Lloyd Cole ist ein englischer Sänger und Songschreiber, bekannt für seine Rolle als Leadsänger von Lloyd Cole and the Commotions von 1984 bis 1989 und für seine anschließenden Soloarbeiten. Hans-Joachim Roedelius ist eine legendäre Figur des Krautrock und der avantgardistischen elektronischen Musik. Er war Gründungsmitglied der bahnbrechenden Bands Cluster und Harmonia.

Wie merkwürdig, dass diese Zusammenarbeit erst so spät zustande kam und wie wunderbar, dass sie überhaupt zustande kam. Cole und Roedelius trafen sich nicht im Studio, sondern wählten eine zeitgemäße Form des Materialaustauschs, indem sie Dateien über den Äther schickten, die der andere ergänzen sollte.

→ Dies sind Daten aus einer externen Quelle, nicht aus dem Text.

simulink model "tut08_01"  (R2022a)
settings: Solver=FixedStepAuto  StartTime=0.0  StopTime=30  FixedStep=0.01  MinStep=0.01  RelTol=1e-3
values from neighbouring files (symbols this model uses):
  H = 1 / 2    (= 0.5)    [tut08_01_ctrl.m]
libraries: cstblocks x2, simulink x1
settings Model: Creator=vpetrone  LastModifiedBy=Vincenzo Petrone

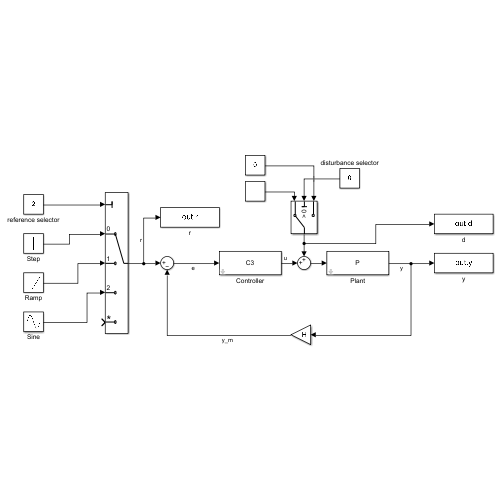
[thumbnail: Simulink's stored preview of the top-level diagram]
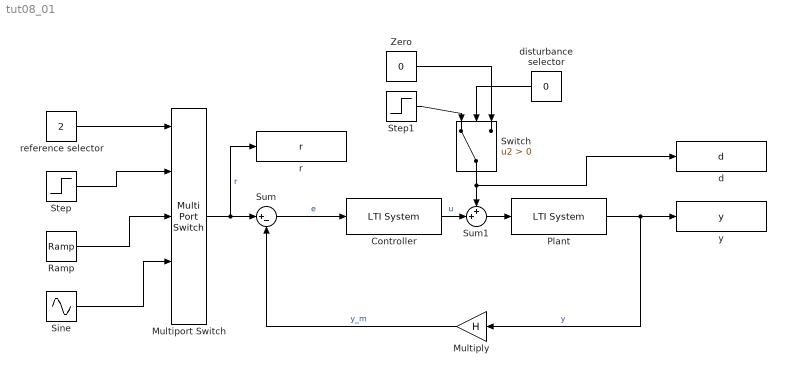
== system tut08_01 ==
  Controller : cstblocks/LTI System  sys=C3  IC=[]
  Multiply : Gain  Gain=H
  Multiport Switch : MultiPortSwitch  DataPortOrder=Zero-based contiguous  DataPortForDefault=Additional data port  zeroidx=on  SaturateOnIntegerOverflow=off  InputSameDT=off
  Plant : cstblocks/LTI System  sys=P  IC=[]
  Ramp : simulink/Sources/Ramp  slope=1  start=0  InitialOutput=0
  Sine : Sin  Amplitude=0.5  SampleTime=0
  Step : Step  Time=0  After=4  SampleTime=0
  Step1 : Step  Time=15  After=2  SampleTime=0
  Sum : Sum  Inputs=|+-
  Sum1 : Sum  Inputs=++|
  Switch : Switch  Criteria=u2 > Threshold  SaturateOnIntegerOverflow=off  InputSameDT=off
  Zero : Constant  Value=0  OutDataTypeStr=Inherit: Inherit via back propagation
  d : ToWorkspace  VariableName=d  SaveFormat=Timeseries  SampleTime=-1
  disturbance selector : Constant  Value=0
  r : ToWorkspace  VariableName=r  SaveFormat=Timeseries  SampleTime=-1
  reference selector : Constant  Value=2  SampleTime=-1
  y : ToWorkspace  VariableName=y  SaveFormat=Timeseries  SampleTime=-1
  wires:
  Controller/1 -> Sum1/2  "u"
  Plant/1 -> Multiply/1, y/1  "y"
  Sum/1 -> Controller/1  "e"
  Multiply/1 -> Sum/2  "y_m"
  Step/1 -> Multiport Switch/2
  Ramp/1 -> Multiport Switch/3
  Sine/1 -> Multiport Switch/4
  Multiport Switch/1 -> r/1, Sum/1  "r"
  reference selector/1 -> Multiport Switch/1
  Sum1/1 -> Plant/1
  Switch/1 -> d/1, Sum1/1
  Step1/1 -> Switch/1
  Zero/1 -> Switch/3
  disturbance selector/1 -> Switch/2
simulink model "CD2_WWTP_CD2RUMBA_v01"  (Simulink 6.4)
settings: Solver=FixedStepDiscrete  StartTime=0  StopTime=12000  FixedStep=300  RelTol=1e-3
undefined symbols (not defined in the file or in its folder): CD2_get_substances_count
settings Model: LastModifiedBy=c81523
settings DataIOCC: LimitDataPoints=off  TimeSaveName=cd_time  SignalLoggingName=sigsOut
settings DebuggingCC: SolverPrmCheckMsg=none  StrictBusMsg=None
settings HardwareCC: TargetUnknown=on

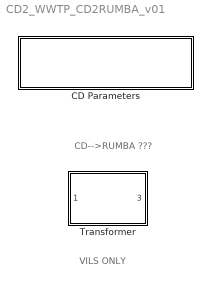
== system CD2_WWTP_CD2RUMBA_v01 ==
  note: CD-->RUMBA ???
  note: VILS ONLY
  CD Parameters : Subsystem  mask(City Drain 1.0 - Simulation parameters ){t_step=300, t_start=0, t_stop=12000}
      mask prompts: t_step "Sampling Time [s]"; t_start "Start Time [s]"; t_stop "Stop Time [s]"
      mask help:
      | Block that sets the global parameters required in City Drain 1.0. Following paramters are set without user's input:
      |
      | - 'Solver' --> 'FixedStepDiscrete'
      | - 'TimeSaveName' --> 'cd_time'
      | - 'Decimation' --> '1'
      | - 'LimitDataPoints' -->  'off'
      mask init:
      | % toplevel systems' name --> Plant file name;
      | tls=bdroot(gcb); 
      | set_param(tls, 'Solver', 'FixedStepDiscrete'); 
      | set_param(tls, 'TimeSaveName', 'cd_time');
      | set_param(tls, 'Decimation', '1');
      | set_param(tls, 'LimitDataPoints', 'off');
      | set_param(tls, 'ScreenColor', 'white');
      | 
      | tstep_char=num2str(t_step); % Setting the discrete time step
      | set_param(tls, 'FixedStep', tstep_char); 
      | 
      | tstart_char=num2str(t_start); % Setting the start time
      | set_param(tls, 'StartTime', tstart_char); 
      | 
      | tstop_char=num2str(t_stop); % Setting the stop time
      | set_param(tls, 'StopTime', tstop_char);
      mask Display:
      | plot(0,0,100,100);
      | 
      | text(50,65,'CITY DRAIN','HorizontalAlignment','center');
      | text(50,35,'PARAMETERS','HorizontalAlignment','center');
      | 
      | 
      | image(imread('CityDrain_SimParam.jpg'))
  Transformer : Subsystem  mask(WWTP Trans){n_comp=CD2_get_substances_count}
      mask prompts: n_comp "Number of pollutants [ - ]"
      mask help:
      | Function used:
      | CD2_sfun_trans.m
      mask init:
      | % reading the toplevel systems' name 
      | % --> Plant file name;
      | tls=bdroot(gcb); 
      | % Obtaining the fixed sampling time
      | t_samp_char=get_param(tls, 'FixedStep');
      | % Convertion to numeric value
      | tstep = str2num(t_samp_char);
      mask Display:
      | plot(0,0,100,100);
      | 
      | 
      | text(50,60,'WWTP','HorizontalAlignment','center');
      | text(50,40,'Trans','HorizontalAlignment','center');
      | 
      | 
      | port_label('input',1,'Qi');
      | port_label('output',1,'S');

== system CD2_WWTP_CD2RUMBA_v01/CD Parameters ==

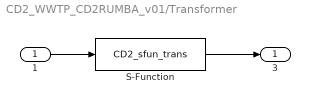
== system CD2_WWTP_CD2RUMBA_v01/Transformer ==
  " 1" : Inport
  S-Function : S-Function  FunctionName=CD2_sfun_trans  Parameters=n_comp,tstep
  " 3" : Outport
  wires:
  " 1"/1 -> S-Function/1
  S-Function/1 -> " 3"/1
simulink model "Gesamt"  (R2015b)
settings: Solver=ode3  SolverMode=SingleTasking  StartTime=0.0  StopTime=inf  RelTol=1e-3
InitFcn:
  | Reglerauslegung
values from neighbouring files (symbols this model uses):
  aMax = 498    [Reglerauslegung.m]
  aMaxPsi = 1    [Reglerauslegung.m]
  Blindzeit = 25    [Reglerauslegung.m]
  dt = 0.005    [Reglerauslegung.m]
  K1 = place(AI1,BI1,pWunschI1)    [Reglerauslegung.m]
  K2 = place(A2,B2,pWunsch2)    [Reglerauslegung.m]
  K3 = place(A3,B3,pWunsch3)    [Reglerauslegung.m]
  Kx = 0.9575    [Reglerauslegung.m]
  Ky = 0.9575    [Reglerauslegung.m]
  Tx = 1/4.1668    (= 0.239992320246)    [Reglerauslegung.m]
  Ty = 1/4.1668    (= 0.239992320246)    [Reglerauslegung.m]
  vMax = 403    [Reglerauslegung.m]
  vMaxPsi = 3    [Reglerauslegung.m]
undefined symbols (not defined in the file or in its folder): sigbuilder_block
libraries: simulink x5, xpcutilitieslib x1
(part 3 of 3)

== matlab function Gesamt/Regelung1/Zustandsregler/Winkelentstoerung ==
  data: Ist input; Soll input; Out output



function Out = Winkel(Ist,Soll)

Ist = mod(Ist, 2*pi);      % Normierung des Ist-Winkels auf das Intervall 0° - 360°
Soll = mod(Soll, 2*pi);    % Normierung des Soll-Winkels auf das Intervall 0° - 360°

if (abs(Soll-Ist) <= pi)   % (1)
    
    Out = Soll - Ist;      % (2)
    
else
    
     if (Soll > Ist)                % (3)
        Out = Soll - Ist - 2*pi;    % (4)
     else
         Out = Soll - Ist + 2*pi;   % (5)
     end
end

% Problem: 
% Beim Durchschreiten der Grenze 0°/360° entsteht ein Sprung in
% der Regeldifferenz beim Winkel, der zu einer unkontrollierten Rotation
% des Robotino führt
% 
% Lösung: 
% Impelementierung einer Fallunterscheidung, die die tatsächliche
% Regeldifferenz unter Berücksichtigung der Grenze 0°/360° ausgibt
% 
% Ansatz: 
% Prüfung, ob die vorgegebene Trajektorie über die kritische Grenze
% führt (1). Führt die Trajektorie über die kritische Grenze, ist
% der Betrag der Differenz zwischen Soll- und Istwert > pi.
% 
% Bei unkritischen Trajektorien wird die Regeldifferenz über die Formel (2)
% zurückgegeben.
%
% Bei kritischen Trajektorien muss zuerst unterschieden werden, in welchem
% Drehsinn die kritische Grenze durchschritten wird (3). Bei positivem
% Drehsinn wird die Differenz nach Formel (4) ermittelt, bei negativem
% Drehsinn wird die Differenz nach Formal (5) ermittelt. 
%
% Die Ausgabe der Regeldifferenz erfolgt immer in Richtung und Betrag, bei
% einem positiven Vorzeichen befindet sich die Sollposition in mathematisch
% positivem Drehsinn, bei einem negativen Vorzeichen befindet sie sich in
% mathematisch negativem Drehsinn. Der Betrag gibt die verbleibene
% Winkeldifferenz zur Sollposition an.

== matlab function Gesamt/Regelung1/enable  ==
  data: BereichsModus input; enableBereich input; enableKamera input; enableBeobachter input; enable output; enableKoord input; enableFlogik input
function enable  = enable(BereichsModus, enableBereich,enableKamera,enableBeobachter,enableKoord,enableFlogik)
    if BereichsModus == 1
        % Fertigungsbereich
        if enableBereich && (enableKamera || enableKoord )&& enableBeobachter && enableFlogik
            enable = 1;
        else 
            enable = 0;
        end
    else
        % Transportbereich
        if enableKamera || enableKoord 
            % mindestens kamera oder beobachter muessen funktionieren            
            enable = 1;
        else
            % sonst nix fahren 
            enable = 0;
        end
    end
    
end

== matlab function Gesamt/Regelung1/u(x,v)  ==
  data: v1 input; v2 input; v3 input; x1 input; x2 input; x3 input; x4 input; u1 output; u2 output; u3 output; Tx parameter; Ty parameter; Kx parameter; Ky parameter
function [u1, u2, u3]= inputLinearisierung(v1,v2,v3,x1,x2,x3,x4,Tx,Ty,Kx,Ky)


%u1 = (Ty*x1 - Tx*x1 + Ty*v1*cos(x4) + Tx*v2*sin(x4) + Tx*x1*cos(x4)^2 - Ty*x1*cos(x4)^2 - (Tx*x2*sin(2*x4))/2 + (Ty*x2*sin(2*x4))/2 + Tx*Ty*x2*x3)/Ty;
%u2 = -(Ty*x2 - Tx*x2 - Tx*v2*cos(x4) + Ty*v1*sin(x4) + Tx*x2*cos(x4)^2 - Ty*x2*cos(x4)^2 + (Tx*x1*sin(2*x4))/2 - (Ty*x1*sin(2*x4))/2 + Tx*Ty*x1*x3)/Tx;
u1 = (Ty*x1 - Tx*x1 + Tx*x1*cos(x4)^2 - Ty*x1*cos(x4)^2 - (Tx*x2*sin(2*x4))/2 + (Ty*x2*sin(2*x4))/2 + Kx*Ty*v1*cos(x4) + Ky*Tx*v2*sin(x4) + Tx*Ty*x2*x3)/(Kx*Ty);
u2 = -(Ty*x2 - Tx*x2 + Tx*x2*cos(x4)^2 - Ty*x2*cos(x4)^2 + (Tx*x1*sin(2*x4))/2 - (Ty*x1*sin(2*x4))/2 - Ky*Tx*v2*cos(x4) + Kx*Ty*v1*sin(x4) + Tx*Ty*x1*x3)/(Ky*Tx);
u3 = v3;

== matlab function Gesamt/Regelung1/z(x) ==
  data: x1 input; x2 input; x3 input; x4 input; z1 output; z5 output; z2 output; z6 output; x5 input; x6 input; z3 output; z4 output
function [z1,z5,z2,z6,z3,z4]= zustandsTrafo(x1,x2,x3,x4,x5,x6)

z1 = cos(x4) * x1 - sin(x4) * x2;
z2 = sin(x4) * x1 + cos(x4) * x2;
z3 = x3;
z4 = x4;
z5 = x5;
z6 = x6;
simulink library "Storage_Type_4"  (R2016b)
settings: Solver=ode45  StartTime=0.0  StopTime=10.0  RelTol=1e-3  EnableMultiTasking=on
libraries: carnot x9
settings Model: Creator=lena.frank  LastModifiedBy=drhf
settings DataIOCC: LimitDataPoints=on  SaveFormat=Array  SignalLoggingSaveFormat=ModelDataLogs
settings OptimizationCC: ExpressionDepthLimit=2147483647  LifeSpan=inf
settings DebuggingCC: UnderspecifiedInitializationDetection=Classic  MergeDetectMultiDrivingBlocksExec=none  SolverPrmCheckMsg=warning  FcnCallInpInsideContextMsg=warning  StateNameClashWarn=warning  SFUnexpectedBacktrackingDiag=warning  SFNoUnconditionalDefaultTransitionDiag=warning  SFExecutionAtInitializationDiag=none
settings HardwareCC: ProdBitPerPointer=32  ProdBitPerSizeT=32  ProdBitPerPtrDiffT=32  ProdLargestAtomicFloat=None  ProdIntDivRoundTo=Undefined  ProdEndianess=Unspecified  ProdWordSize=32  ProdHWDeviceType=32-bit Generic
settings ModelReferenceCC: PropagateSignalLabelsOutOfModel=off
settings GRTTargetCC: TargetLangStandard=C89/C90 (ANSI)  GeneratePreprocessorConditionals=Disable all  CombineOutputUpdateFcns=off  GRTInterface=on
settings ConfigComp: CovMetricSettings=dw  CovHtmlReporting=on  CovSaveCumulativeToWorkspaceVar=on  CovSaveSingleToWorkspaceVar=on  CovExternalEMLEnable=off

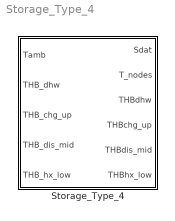
== system Storage_Type_4 ==
  Storage_Type_4 : Subsystem  mask(Multiport Storage){uloss=1, ubot=1, utop=1, cond=1, volume=0.5, dia=0.5, pos=standing cylinder, h_in1=1, h_out1=0.54, dia1pipe=0.04, h_in2=0.45, h_out2=0, ua0_2=678.6, uam_2=0.411, uat_2=0.287, dplin_2=100, dpqua_2=100, h_in3=0.45, h_out3=0.54, dia3pipe=0.04, h_in4=0.02, h_out4=0.95, ua0_4=642.2, uam_4=0.369, uat_4=0.684, dplin4=100, dpqua=100, t0=[10:5:55], nodes=50, mpoints=50}
      mask prompts: uloss "Heat transfer coefficient to ambient [W/m²K]"; ubot "Heat transfer coefficient to ambient bottom [W/m²K]"; utop "Heat transfer coefficient to ambient top [W/m²K]"; cond "Effective thermal conductivity [W/m/K]"; volume "Volume [m³]"; dia "Diameter [m]"; pos "Position"; h_in1 "relative height of inlet, range from 0 (= bottom) to 1 (= top)"; h_out1 "relative height of outlet, range from 0 (= bottom) to 1 (= top)"; dia1pipe "Diameter of pipe in m"; h_in2 "relative height of inlet, range from 0 (= bottom) to 1 (= top)"; h_out2 "relative height of outlet, range from 0 (= bottom) to 1 (= top)"; ua0_2 "uac: heat transfer coefficient [W/K /(kg/s) /(°C)]"; uam_2 "uam: massflow dependent heat transfer [-]"; uat_2 "uat: temperature difference dependent heat transfer [-]"; dplin_2 "pressure drop linear in mdot [Pa*s/kg]"; dpqua_2 "pressure drop quadratic in mdot [Pa*s²/kg²]"; h_in3 "relative height of inlet, range from 0 (= bottom) to 1 (= top)"; h_out3 "relative height of outlet, range from 0 (= bottom) to 1 (= top)"; dia3pipe "Diameter of pipe in m"; h_in4 "relative height of inlet, range from 0 (= bottom) to 1 (= top)"; h_out4 "relative height of outlet, range from 0 (= bottom) to 1 (= top)"; ua0_4 "uac: heat transfer coefficient [W/K /(kg/s) /(°C)]"; uam_4 "uam: massflow dependent heat transfer [-]"; uat_4 "uat: temperature difference dependent heat transfer [-]"; dplin4 "pressure drop linear in mdot [Pa*s/kg]"; dpqua "pressure drop quadratic in mdot [Pa*s²/kg²]"; t0 "Initial temperature (vector or scalar) in °C"; nodes "number of nodes"; mpoints "Number of measurement points"
      mask help:
      | The volmue of the cylindrical storage is divided in a number "nodes" of horizontal slices (1xN-node model). For each node the energy balance equation is solved.
      | Parameters from underlying sub-masks are promoted by top mask.
      mask init:
      | [standing, dh, height, mpts, tini] ...
      |     = CarnotCallbacks_StorageTypeN(pos, volume, dia, nodes, mpoints, t0);
      mask Help: web(fullfile(path_carnot('help'),'Storage_Type_N.html'),'-helpbrowser')
      mask TypeOptions uloss: sfun_storageTnodes/uloss
      mask TypeOptions ubot: sfun_storageTnodes/ubot
      mask TypeOptions utop: sfun_storageTnodes/utop
      mask TypeOptions cond: sfun_storageTnodes/cond
      mask TypeOptions volume: sfun_storageTnodes/volume | CreateSdat/volume
      mask TypeOptions dia: sfun_storageTnodes/dia
      mask TypeOptions pos: lying cylinder | standing cylinder
      mask TypeOptions h_in1: pipe_charge_up/h_in
      mask TypeOptions h_out1: pipe_charge_up/h_out
      mask TypeOptions dia1pipe: pipe_charge_up/dia
      mask TypeOptions h_in2: HX_EN12977_solar/h_in
      mask TypeOptions h_out2: HX_EN12977_solar/h_out
      mask TypeOptions ua0_2: HX_EN12977_solar/ua0
      mask TypeOptions uam_2: HX_EN12977_solar/uam
      mask TypeOptions uat_2: HX_EN12977_solar/uat
      mask TypeOptions dplin_2: HX_EN12977_solar/dplin
      mask TypeOptions dpqua_2: HX_EN12977_solar/dpqua
      mask TypeOptions h_in3: pipe_heating/h_in
      mask TypeOptions h_out3: pipe_heating/h_out
      mask TypeOptions dia3pipe: pipe_heating/dia
      mask TypeOptions h_in4: HX_EN12977_dhw/h_in
      mask TypeOptions h_out4: HX_EN12977_dhw/h_out
      mask TypeOptions ua0_4: HX_EN12977_dhw/ua0
      mask TypeOptions uam_4: HX_EN12977_dhw/uam
      mask TypeOptions uat_4: HX_EN12977_dhw/uat
      mask TypeOptions dplin4: HX_EN12977_dhw/dplin
      mask TypeOptions dpqua: HX_EN12977_dhw/dpqua
      mask TypeOptions nodes: sfun_storageTnodes/nodes
      mask Display: plot(5,10,85,110,[36,36,40,50,54,54,50,40,36],[90,50,45,45,50,90,93,93,90],[36,51,40,51,36],[50,50,68,85,85],[36,51,44,51,36],[54,54,56,58,58])

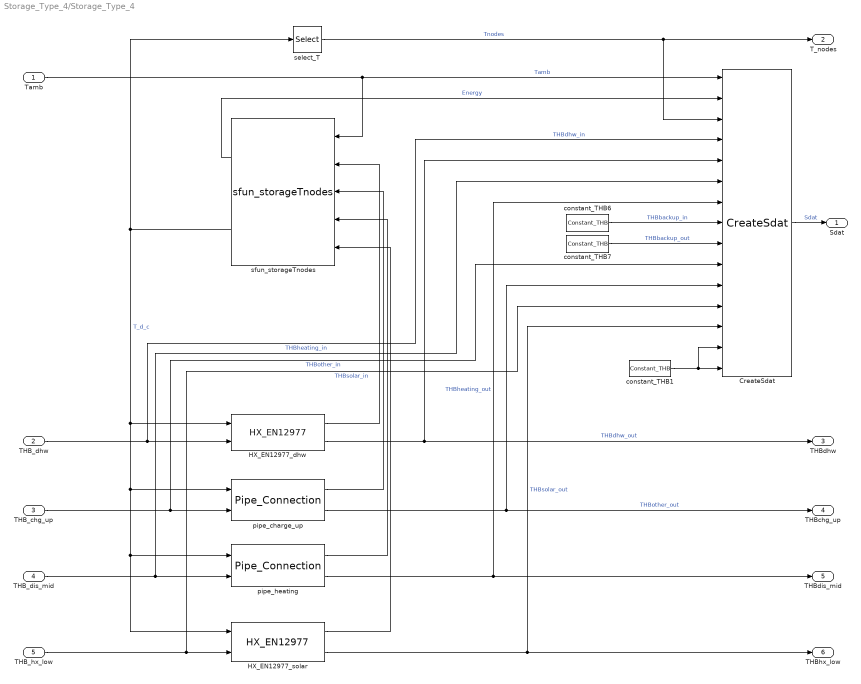
== system Storage_Type_4/Storage_Type_4 ==
  Tamb : Inport
  THB_dhw : Inport  Port=2
  THB_chg_up : Inport  Port=3
  THB_dis_mid : Inport  Port=4
  THB_hx_low : Inport  Port=5
  CreateSdat : carnot/Basic/Thermal_Models/CreateSdat  volume=volume  stgtype=1
  HX_EN12977_dhw : carnot/Storage/Thermal/Storage_Ports/HX_EN12977  h_in=h_in4  h_out=h_out4  hgt=height  dia=dia  ua0=ua0_4  uam=uam_4  uat=uat_4  dplin=dplin4  dpqua=dpqua  nodes=nodes
  HX_EN12977_solar : carnot/Storage/Thermal/Storage_Ports/HX_EN12977  h_in=h_in2  h_out=h_out2  hgt=height  dia=dia  ua0=ua0_2  uam=uam_2  uat=uat_2  dplin=dplin_2  dpqua=dpqua_2  nodes=nodes
  constant_THB1 : carnot/Source/Simple/Constant_THB  t=20  mdot=0  p=1e5  mID=No Pressure Drop  fluid=Water  mix=0  mix2=0  mix3=0  dia=0.02  hgt=0
  constant_THB6 : carnot/Source/Simple/Constant_THB  t=20  mdot=0  p=1e5  mID=No Pressure Drop  fluid=Water  mix=0  mix2=0  mix3=0  dia=0.02  hgt=0
  constant_THB7 : carnot/Source/Simple/Constant_THB  t=20  mdot=0  p=1e5  mID=No Pressure Drop  fluid=Water  mix=0  mix2=0  mix3=0  dia=0.02  hgt=0
  pipe_charge_up : carnot/Storage/Thermal/Storage_Ports/Pipe_Connection  h_in=h_in1  h_out=h_out1  hgt=height  dia=dia1pipe  nodes=nodes
  pipe_heating : carnot/Storage/Thermal/Storage_Ports/Pipe_Connection  h_in=h_in3  h_out=h_out3  hgt=height  dia=dia3pipe  nodes=nodes
  select_T : Selector  InputPortWidth=nodes  IndexOptions=Index vector (dialog)  Indices=mpts  OutputSizes=1
  sfun_storageTnodes : carnot/Basic/Thermal_Models/sfun_storageTnodes  uloss=uloss  ubot=ubot  utop=utop  cond=cond  volume=volume  dia=dia  standing=standing cylinder  tini=tini  nodes=nodes  nconnect=4  elimthermocline=2  condinvtc=1e5
  Sdat : Outport
  T_nodes : Outport  Port=2
  THBdhw : Outport  Port=3
  THBchg_up : Outport  Port=4
  THBdis_mid : Outport  Port=5
  THBhx_low : Outport  Port=6
  wires:
  constant_THB1/1 -> CreateSdat/15, CreateSdat/14
  constant_THB7/1 -> CreateSdat/9  "THBbackup_out"
  constant_THB6/1 -> CreateSdat/8  "THBbackup_in"
  pipe_heating/2 -> THBdis_mid/1, CreateSdat/7  "THBheating_out"
  HX_EN12977_solar/1 -> sfun_storageTnodes/5
  pipe_heating/1 -> sfun_storageTnodes/4
  THB_dis_mid/1 -> pipe_heating/2, CreateSdat/6  "THBheating_in"
  Tamb/1 -> CreateSdat/1, sfun_storageTnodes/1  "Tamb"
  THB_dhw/1 -> HX_EN12977_dhw/2, CreateSdat/4  "THBdhw_in"
  HX_EN12977_dhw/2 -> THBdhw/1, CreateSdat/5  "THBdhw_out"
  HX_EN12977_dhw/1 -> sfun_storageTnodes/2
  select_T/1 -> T_nodes/1, CreateSdat/3  "Tnodes"
  sfun_storageTnodes/1 -> CreateSdat/2  "Energy"
  sfun_storageTnodes/2 -> select_T/1, HX_EN12977_dhw/1, pipe_heating/1, HX_EN12977_solar/1, pipe_charge_up/1  "T_d_c"
  CreateSdat/1 -> Sdat/1  "Sdat"
  THB_chg_up/1 -> pipe_charge_up/2, CreateSdat/10  "THBother_in"
  pipe_charge_up/2 -> THBchg_up/1, CreateSdat/11  "THBother_out"
  pipe_charge_up/1 -> sfun_storageTnodes/3
  THB_hx_low/1 -> HX_EN12977_solar/2, CreateSdat/12  "THBsolar_in"
  HX_EN12977_solar/2 -> THBhx_low/1, CreateSdat/13  "THBsolar_out"

Wie kam es zu ihrer Zusammenarbeit? Lloyd Cole veröffentlichte 2001 „Plastic Wood“, ein instrumentales, elektronisches Album, das für seine Verhältnisse sehr ungewöhnlich ist. Beim Hören von „Plastic Wood“ wird deutlich, dass das Cluster-Album „Sowieso“ (1976) zu Coles absoluten Lieblingsstücken gehört. Ein Freund von Cole, der auch Roedelius kannte, schickte diesem eine Kopie des Albums des Engländers. Roedelius gefiel es so gut, dass er sich sofort daran machte, die gesamte LP neu zu mischen, oder besser gesagt, er fügte den vorhandenen Stücken Overdubs hinzu – ohne zu fragen und ohne gefragt worden zu sein! Als Cole die Ergebnisse erhielt, war er nicht nur geschmeichelt, sondern auch sehr beeindruckt von den Roedelius-Remixen. „Plastic Wood“ war bereits veröffentlicht worden und Cole war der Meinung, dass das Projekt seinen Lauf genommen hatte, so dass die Roedelius-Remixe in den Archiven verschwanden. Dennoch reizte die Idee einer Zusammenarbeit die beiden, und sie schrieben sich von Zeit zu Zeit. Gut zehn Jahre später trafen sich die beiden schließlich persönlich, als Lloyd Cole auf Tournee in Wien weilte. Nun konnte es richtig losgehen.

Die ersten Ergebnisse ihrer Bemühungen, die 2013 veröffentlicht wurden, tragen den bescheidenen Titel „Selected Studies Vol. 1“. Studien sind streng genommen unvollständige Erkundungen der kompositorischen und klanglichen Möglichkeiten. Und doch offenbart dieses Album eine ausgereifte, sorgfältig komponierte Musik, als ob Cole und Roedelius schon seit Jahren zusammenarbeiten würden. Beide Künstler konzentrieren sich auf elektronische Klänge in einer Auswahl prägnanter, direkter Stücke, die frei von musikalischer Geschwätzigkeit sind. Cole singt weder, noch spielt er Gitarre, und Roedelius rührt selten die Tasten seines Flügels an. Stattdessen haben die beiden Musiker eine subtile Klanglandschaft entwickelt, die nur bei einem Stück, „Wandelbar“, in Richtung reines Geräusch abdriftet. Alle anderen „Studien“ des Albums bewegen sich in einem weiten Spektrum von harmonischen Wundern und rhythmischen Trittsteinen.

So paradox es auch klingen mag, „Selected Studies Vol. 1“ erinnert an die Musik von Claude Debussy, wenn ihm 120 Jahre früher elektronische Instrumente zur Verfügung gestanden hätten. Hochimpressionistische Bilder flimmern um den Hörer herum, luftig, transparent, zeitversunken, jedes ein eigenes Fenster zu einer hellen, aber geheimnisvollen Welt. Weit entfernt von Kitsch, Ambient- und Wohlfühlmusik, verlangt „Selected Studies Vol. 1“ ein aufmerksames Zuhören, um den ernsthaften künstlerischen Ausdruck dieser beiden Musiker/Komponisten voll zu würdigen. Dadurch erschließt sich die Schönheit und Tiefe des Albums.

Cole und Roedelius versuchen, der Tristesse der realen Welt phantastische klangliche Topographien entgegenzusetzen, die uns einladen, ein freundliches Labyrinth ständiger Überraschungen zu betreten, einen Ort, den man jederzeit wieder verlassen kann, ohne Angst zu haben, sich hoffnungslos zu verirren.